--- Data to examine Enclosed Below ---

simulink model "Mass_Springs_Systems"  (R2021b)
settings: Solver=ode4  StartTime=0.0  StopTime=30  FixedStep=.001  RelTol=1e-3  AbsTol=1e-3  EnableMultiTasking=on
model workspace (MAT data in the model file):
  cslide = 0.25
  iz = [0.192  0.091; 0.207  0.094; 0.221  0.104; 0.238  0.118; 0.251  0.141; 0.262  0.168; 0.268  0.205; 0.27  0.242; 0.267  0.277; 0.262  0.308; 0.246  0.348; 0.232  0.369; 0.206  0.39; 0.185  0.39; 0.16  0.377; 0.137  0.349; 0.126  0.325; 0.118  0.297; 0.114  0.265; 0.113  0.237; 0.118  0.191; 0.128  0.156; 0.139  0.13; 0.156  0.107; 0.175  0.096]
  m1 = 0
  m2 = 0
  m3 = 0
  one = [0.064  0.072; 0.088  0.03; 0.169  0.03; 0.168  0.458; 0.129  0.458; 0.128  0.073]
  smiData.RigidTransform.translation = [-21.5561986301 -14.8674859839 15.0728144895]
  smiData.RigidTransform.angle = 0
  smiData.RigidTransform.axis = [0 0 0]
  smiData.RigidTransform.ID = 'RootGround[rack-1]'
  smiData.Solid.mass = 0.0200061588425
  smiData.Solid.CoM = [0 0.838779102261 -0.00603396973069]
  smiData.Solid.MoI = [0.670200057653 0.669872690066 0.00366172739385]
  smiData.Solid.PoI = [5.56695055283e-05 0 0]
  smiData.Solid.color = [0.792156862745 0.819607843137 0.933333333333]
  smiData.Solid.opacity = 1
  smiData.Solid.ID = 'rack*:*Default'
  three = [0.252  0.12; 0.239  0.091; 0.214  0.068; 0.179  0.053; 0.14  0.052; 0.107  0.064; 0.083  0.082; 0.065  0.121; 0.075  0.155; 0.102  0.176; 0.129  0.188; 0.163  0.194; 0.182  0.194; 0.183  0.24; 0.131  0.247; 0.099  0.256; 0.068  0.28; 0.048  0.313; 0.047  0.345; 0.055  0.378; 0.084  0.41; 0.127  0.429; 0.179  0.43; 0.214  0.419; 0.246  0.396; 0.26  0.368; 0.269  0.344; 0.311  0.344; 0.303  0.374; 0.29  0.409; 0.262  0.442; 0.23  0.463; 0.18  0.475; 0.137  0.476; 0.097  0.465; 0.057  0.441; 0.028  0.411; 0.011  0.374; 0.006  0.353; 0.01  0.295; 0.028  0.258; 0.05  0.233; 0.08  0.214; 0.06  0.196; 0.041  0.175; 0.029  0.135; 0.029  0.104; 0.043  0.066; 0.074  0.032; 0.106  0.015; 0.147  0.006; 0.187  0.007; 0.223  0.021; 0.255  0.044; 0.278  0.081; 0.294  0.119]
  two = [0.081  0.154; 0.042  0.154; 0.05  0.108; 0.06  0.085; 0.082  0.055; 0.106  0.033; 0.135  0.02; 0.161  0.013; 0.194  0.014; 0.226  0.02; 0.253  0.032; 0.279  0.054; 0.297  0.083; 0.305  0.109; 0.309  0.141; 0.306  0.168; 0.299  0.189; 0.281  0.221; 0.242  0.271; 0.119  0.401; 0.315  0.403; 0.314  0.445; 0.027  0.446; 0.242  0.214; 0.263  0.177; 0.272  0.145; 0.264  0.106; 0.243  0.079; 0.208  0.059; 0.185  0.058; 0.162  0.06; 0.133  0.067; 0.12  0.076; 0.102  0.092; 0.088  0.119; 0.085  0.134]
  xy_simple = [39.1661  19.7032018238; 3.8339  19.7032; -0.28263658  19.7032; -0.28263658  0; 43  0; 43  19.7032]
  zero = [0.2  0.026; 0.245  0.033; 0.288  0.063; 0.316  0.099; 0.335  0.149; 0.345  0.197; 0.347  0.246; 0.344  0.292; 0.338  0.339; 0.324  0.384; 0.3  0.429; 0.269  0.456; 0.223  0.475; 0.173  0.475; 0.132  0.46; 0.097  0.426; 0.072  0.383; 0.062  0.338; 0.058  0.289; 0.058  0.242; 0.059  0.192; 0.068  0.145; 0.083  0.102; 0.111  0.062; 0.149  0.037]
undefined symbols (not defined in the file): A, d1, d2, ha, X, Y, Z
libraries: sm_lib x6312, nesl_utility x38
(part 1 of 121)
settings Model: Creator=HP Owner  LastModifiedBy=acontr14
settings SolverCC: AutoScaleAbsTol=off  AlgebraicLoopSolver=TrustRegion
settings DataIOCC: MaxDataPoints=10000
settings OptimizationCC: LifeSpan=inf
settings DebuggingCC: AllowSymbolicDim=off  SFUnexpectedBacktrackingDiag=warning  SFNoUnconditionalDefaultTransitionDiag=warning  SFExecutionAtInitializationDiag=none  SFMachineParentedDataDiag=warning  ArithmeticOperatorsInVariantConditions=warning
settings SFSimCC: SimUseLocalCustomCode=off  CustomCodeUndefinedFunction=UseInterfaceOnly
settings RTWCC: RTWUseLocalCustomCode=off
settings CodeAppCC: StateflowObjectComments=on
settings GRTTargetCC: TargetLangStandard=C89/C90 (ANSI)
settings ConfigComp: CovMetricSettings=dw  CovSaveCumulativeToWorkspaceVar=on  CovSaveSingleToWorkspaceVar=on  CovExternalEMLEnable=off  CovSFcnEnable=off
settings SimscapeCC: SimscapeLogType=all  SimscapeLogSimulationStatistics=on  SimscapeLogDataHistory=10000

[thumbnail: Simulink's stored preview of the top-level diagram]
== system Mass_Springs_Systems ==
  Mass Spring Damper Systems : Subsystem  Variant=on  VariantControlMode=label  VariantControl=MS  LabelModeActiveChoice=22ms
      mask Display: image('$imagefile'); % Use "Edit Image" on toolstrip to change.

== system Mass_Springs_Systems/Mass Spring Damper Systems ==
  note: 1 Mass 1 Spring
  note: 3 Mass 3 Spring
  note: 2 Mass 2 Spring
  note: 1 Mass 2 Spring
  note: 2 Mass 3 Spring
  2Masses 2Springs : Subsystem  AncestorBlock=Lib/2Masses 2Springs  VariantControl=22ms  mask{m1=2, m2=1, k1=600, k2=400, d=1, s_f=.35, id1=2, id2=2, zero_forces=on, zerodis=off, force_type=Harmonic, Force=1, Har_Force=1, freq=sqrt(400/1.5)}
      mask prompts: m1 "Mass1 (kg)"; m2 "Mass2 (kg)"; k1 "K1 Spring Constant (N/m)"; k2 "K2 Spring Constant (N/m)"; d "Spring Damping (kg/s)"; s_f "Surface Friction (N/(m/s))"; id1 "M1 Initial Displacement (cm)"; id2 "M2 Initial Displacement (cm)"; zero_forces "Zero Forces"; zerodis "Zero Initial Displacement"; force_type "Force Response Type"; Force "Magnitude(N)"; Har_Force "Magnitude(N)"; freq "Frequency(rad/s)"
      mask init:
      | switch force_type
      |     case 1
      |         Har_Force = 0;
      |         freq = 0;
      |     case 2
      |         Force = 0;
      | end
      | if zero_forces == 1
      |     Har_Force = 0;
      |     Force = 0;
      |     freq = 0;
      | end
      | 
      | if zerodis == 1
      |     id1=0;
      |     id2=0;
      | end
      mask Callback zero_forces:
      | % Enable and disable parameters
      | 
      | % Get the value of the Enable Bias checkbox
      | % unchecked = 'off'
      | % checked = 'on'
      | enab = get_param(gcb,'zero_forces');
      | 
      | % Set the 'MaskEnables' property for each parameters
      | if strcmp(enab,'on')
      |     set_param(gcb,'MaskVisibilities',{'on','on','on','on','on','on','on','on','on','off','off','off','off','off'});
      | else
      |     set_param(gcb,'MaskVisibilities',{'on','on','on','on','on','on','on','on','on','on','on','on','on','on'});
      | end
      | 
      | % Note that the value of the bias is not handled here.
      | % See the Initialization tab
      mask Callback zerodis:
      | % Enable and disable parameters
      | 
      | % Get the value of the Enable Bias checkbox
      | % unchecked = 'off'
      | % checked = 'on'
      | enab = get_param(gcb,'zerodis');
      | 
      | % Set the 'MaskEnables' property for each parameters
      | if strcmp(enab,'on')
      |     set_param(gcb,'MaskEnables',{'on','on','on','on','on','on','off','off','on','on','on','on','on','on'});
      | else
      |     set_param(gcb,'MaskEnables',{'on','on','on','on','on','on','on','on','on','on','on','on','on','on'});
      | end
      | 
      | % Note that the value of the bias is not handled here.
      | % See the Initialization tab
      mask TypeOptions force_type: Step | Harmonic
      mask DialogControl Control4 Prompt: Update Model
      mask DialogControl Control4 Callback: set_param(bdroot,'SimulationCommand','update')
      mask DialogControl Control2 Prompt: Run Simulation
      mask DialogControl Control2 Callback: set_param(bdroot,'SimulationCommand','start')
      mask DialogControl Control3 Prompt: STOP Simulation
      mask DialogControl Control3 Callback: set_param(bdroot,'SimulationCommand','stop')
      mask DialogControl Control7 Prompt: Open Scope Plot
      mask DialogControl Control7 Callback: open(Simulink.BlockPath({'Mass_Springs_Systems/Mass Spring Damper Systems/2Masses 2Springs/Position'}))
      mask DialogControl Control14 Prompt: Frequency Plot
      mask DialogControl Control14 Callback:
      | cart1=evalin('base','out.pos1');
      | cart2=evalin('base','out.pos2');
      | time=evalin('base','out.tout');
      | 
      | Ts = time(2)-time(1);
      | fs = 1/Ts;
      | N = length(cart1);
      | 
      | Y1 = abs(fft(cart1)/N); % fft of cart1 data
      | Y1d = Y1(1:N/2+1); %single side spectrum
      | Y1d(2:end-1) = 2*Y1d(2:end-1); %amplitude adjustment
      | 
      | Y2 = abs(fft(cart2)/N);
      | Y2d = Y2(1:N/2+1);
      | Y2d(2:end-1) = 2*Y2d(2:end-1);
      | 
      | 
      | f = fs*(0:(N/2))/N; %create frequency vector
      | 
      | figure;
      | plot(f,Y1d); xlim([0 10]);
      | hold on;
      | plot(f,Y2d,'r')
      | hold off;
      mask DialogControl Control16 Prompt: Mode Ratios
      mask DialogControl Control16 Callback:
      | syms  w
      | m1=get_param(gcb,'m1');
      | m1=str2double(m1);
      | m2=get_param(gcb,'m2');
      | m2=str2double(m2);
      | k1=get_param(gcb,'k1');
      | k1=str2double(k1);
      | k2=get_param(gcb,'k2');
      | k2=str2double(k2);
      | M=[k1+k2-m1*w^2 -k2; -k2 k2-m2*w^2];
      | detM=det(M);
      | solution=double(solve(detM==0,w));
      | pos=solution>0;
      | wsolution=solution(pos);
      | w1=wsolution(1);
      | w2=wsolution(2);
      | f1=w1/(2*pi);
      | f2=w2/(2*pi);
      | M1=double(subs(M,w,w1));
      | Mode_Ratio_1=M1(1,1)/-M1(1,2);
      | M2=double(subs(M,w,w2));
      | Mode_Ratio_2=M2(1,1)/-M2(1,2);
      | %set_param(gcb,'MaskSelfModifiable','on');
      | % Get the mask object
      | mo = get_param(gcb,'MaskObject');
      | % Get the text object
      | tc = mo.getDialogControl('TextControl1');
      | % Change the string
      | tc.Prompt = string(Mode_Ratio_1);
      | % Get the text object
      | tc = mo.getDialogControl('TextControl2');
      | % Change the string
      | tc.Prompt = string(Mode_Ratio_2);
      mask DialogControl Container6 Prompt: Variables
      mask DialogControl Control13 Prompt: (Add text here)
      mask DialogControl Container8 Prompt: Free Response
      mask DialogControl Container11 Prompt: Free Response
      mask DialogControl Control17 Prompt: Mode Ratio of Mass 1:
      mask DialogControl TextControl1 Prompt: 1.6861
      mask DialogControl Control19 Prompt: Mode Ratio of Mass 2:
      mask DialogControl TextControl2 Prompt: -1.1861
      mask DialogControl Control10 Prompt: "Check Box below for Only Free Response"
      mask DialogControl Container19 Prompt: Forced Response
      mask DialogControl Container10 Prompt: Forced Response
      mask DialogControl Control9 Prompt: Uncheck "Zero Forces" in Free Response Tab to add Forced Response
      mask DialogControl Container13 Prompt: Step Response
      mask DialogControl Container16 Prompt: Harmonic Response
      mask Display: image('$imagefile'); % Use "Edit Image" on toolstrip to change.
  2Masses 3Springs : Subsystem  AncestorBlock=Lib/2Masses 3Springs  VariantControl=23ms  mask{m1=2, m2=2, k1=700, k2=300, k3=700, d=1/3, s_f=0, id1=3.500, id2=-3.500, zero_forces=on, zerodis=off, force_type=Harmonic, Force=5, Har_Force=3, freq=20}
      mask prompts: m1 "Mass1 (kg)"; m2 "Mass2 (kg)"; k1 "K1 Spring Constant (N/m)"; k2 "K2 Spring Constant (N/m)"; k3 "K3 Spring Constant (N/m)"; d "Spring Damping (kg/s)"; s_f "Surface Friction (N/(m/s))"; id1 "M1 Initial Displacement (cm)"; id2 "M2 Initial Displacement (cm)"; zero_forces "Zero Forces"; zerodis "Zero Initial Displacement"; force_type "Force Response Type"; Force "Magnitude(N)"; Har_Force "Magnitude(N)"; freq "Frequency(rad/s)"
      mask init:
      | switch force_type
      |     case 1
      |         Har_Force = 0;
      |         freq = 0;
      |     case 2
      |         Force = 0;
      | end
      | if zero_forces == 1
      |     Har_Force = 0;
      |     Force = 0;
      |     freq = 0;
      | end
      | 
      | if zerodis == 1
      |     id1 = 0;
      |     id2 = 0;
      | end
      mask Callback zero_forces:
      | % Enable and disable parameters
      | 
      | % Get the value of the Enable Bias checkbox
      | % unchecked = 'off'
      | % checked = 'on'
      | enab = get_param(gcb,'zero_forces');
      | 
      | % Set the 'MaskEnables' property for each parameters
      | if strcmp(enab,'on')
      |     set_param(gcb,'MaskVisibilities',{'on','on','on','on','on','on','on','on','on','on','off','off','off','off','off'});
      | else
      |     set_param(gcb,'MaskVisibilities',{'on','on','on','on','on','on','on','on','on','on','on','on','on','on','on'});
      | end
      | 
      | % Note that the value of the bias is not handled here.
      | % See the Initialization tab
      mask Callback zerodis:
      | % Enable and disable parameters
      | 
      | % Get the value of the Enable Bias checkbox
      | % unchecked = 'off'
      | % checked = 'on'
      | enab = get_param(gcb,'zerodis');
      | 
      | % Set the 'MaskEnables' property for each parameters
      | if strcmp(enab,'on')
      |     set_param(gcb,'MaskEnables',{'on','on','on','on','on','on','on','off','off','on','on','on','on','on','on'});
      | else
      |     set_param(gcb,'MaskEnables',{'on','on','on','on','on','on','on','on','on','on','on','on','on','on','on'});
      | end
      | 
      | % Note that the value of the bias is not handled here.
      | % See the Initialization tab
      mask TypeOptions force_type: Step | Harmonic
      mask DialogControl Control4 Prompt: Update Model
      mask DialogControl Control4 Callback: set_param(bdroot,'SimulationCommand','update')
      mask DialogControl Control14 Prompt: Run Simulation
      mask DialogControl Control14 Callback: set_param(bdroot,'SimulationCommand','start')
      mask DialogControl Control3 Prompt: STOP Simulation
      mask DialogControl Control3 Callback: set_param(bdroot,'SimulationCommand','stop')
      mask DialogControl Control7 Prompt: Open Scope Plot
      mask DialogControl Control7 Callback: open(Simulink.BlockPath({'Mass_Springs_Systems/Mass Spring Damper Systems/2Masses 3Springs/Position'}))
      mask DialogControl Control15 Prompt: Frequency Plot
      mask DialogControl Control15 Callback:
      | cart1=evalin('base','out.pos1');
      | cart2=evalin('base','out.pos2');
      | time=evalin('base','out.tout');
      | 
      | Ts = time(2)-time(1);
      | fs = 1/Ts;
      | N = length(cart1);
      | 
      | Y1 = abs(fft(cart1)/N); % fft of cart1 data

--- End of Enclosed Data to examine ---

▶ **Assignment**
Your answer must be the lines from the first line of the records through the line containing "smiData.Solid.PoI = [5.56695055283e-05 0 0]", copied exactly.

▶ **Written response**
simulink model "Mass_Springs_Systems"  (R2021b)
settings: Solver=ode4  StartTime=0.0  StopTime=30  FixedStep=.001  RelTol=1e-3  AbsTol=1e-3  EnableMultiTasking=on
model workspace (MAT data in the model file):
  cslide = 0.25
  iz = [0.192  0.091; 0.207  0.094; 0.221  0.104; 0.238  0.118; 0.251  0.141; 0.262  0.168; 0.268  0.205; 0.27  0.242; 0.267  0.277; 0.262  0.308; 0.246  0.348; 0.232  0.369; 0.206  0.39; 0.185  0.39; 0.16  0.377; 0.137  0.349; 0.126  0.325; 0.118  0.297; 0.114  0.265; 0.113  0.237; 0.118  0.191; 0.128  0.156; 0.139  0.13; 0.156  0.107; 0.175  0.096]
  m1 = 0
  m2 = 0
  m3 = 0
  one = [0.064  0.072; 0.088  0.03; 0.169  0.03; 0.168  0.458; 0.129  0.458; 0.128  0.073]
  smiData.RigidTransform.translation = [-21.5561986301 -14.8674859839 15.0728144895]
  smiData.RigidTransform.angle = 0
  smiData.RigidTransform.axis = [0 0 0]
  smiData.RigidTransform.ID = 'RootGround[rack-1]'
  smiData.Solid.mass = 0.0200061588425
  smiData.Solid.CoM = [0 0.838779102261 -0.00603396973069]
  smiData.Solid.MoI = [0.670200057653 0.669872690066 0.00366172739385]
  smiData.Solid.PoI = [5.56695055283e-05 0 0]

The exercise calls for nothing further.